Supplied material Block Start
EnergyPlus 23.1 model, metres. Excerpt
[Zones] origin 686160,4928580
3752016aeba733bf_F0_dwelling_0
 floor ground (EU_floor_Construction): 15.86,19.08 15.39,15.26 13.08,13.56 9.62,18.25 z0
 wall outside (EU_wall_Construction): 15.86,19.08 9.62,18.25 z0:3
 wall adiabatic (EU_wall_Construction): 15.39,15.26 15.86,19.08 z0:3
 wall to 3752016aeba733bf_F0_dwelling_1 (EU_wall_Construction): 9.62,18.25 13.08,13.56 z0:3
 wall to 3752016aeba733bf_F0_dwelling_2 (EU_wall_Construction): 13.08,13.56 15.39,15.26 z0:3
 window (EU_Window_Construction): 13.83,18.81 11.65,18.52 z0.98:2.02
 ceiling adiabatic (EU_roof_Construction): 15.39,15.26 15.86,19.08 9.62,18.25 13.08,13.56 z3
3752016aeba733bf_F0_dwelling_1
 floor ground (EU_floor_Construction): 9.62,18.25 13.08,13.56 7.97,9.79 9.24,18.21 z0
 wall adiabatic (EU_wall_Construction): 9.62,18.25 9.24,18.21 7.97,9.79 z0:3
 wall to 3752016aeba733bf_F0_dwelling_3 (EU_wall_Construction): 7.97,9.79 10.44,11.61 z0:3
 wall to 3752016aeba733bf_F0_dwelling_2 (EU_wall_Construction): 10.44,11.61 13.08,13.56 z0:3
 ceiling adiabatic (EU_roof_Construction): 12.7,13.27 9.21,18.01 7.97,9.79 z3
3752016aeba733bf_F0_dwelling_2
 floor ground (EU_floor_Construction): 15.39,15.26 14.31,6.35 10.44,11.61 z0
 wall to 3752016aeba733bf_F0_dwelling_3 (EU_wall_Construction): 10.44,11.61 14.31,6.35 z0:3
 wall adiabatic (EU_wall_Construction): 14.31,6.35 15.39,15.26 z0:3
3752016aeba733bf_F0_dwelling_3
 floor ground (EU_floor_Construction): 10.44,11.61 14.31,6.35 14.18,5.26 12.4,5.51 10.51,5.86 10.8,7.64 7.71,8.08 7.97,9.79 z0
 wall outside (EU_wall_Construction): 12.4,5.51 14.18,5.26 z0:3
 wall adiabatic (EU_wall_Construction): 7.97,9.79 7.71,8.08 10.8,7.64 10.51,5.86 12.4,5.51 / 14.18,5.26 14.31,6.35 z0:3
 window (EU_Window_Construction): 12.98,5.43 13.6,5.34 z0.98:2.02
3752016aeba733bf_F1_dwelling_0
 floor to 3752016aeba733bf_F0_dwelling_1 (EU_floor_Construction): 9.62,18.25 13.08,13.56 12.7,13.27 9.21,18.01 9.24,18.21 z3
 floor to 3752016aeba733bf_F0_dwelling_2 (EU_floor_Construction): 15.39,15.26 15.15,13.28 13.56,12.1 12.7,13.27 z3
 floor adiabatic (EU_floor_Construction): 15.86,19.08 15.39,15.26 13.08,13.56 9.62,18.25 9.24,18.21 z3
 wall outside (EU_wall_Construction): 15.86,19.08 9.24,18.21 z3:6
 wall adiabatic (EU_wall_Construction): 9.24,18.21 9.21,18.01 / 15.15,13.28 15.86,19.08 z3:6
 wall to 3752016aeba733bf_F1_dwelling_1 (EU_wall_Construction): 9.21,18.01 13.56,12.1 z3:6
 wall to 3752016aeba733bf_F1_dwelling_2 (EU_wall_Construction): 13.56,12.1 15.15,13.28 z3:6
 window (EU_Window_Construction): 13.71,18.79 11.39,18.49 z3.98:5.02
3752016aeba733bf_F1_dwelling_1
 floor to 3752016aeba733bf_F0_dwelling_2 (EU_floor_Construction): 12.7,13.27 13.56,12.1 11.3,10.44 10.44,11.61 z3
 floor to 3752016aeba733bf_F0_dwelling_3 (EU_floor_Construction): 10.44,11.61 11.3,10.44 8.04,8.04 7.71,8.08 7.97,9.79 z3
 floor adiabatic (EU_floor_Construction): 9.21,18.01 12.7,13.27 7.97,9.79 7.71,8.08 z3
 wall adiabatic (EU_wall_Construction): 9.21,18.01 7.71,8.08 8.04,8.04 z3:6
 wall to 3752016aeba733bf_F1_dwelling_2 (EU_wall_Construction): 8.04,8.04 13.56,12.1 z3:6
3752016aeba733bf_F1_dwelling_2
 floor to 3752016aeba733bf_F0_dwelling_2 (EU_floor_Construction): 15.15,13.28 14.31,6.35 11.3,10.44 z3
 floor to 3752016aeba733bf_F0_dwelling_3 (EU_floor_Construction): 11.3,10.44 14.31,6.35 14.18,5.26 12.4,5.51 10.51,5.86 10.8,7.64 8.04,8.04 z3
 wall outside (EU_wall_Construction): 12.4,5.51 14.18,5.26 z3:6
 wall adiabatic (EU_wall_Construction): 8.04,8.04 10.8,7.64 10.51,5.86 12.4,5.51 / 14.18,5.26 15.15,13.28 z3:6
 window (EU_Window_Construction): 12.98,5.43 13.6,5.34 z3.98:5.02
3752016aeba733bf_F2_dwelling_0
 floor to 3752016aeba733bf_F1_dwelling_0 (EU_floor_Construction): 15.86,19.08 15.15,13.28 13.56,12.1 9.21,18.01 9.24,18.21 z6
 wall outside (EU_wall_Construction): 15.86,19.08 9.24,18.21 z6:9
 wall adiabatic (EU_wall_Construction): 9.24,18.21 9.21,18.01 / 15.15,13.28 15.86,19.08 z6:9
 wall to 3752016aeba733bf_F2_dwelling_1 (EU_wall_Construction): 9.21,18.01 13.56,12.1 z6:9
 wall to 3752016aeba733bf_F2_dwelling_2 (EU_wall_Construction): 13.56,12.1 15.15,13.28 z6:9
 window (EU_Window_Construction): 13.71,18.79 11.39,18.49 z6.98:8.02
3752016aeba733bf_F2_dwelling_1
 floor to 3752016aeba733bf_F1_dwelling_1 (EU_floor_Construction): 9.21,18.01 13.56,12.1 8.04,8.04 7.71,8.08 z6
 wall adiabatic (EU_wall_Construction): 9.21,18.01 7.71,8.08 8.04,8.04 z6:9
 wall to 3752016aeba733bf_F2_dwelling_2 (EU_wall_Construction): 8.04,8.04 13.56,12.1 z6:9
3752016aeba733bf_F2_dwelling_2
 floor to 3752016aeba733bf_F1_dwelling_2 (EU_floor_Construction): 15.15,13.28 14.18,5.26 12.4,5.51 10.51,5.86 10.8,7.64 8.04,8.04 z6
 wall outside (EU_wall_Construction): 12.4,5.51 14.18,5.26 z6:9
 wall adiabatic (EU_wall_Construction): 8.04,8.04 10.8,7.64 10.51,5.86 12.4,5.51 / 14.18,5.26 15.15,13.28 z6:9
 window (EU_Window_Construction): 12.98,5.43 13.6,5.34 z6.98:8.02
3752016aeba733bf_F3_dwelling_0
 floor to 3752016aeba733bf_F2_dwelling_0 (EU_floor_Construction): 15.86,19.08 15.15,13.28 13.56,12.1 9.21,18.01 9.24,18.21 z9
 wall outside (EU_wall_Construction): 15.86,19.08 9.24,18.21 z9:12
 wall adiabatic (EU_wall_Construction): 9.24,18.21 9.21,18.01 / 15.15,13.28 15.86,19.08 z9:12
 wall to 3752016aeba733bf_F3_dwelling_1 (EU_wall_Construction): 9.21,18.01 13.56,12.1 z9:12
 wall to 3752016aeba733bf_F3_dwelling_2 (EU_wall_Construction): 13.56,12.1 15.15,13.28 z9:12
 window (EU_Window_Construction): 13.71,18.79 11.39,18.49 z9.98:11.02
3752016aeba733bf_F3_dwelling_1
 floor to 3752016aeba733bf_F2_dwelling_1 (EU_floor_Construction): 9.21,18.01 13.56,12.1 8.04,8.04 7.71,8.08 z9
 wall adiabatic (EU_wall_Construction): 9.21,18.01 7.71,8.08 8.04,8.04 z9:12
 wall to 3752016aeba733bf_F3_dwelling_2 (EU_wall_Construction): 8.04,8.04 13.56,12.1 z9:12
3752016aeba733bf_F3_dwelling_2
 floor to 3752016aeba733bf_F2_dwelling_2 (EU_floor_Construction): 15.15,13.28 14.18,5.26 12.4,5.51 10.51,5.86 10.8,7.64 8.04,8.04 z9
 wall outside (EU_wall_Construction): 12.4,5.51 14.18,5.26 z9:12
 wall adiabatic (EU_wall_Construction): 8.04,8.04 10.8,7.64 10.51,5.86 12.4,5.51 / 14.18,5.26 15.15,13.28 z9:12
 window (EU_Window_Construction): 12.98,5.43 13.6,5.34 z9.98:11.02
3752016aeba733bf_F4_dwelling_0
Supplied material Block End
=== Requirement ===
Could you show every line of the material that includes the string "ceiling"?

=== Solution to the problem ===
 ceiling adiabatic (EU_roof_Construction): 15.39,15.26 15.86,19.08 9.62,18.25 13.08,13.56 z3
 ceiling adiabatic (EU_roof_Construction): 12.7,13.27 9.21,18.01 7.97,9.79 z3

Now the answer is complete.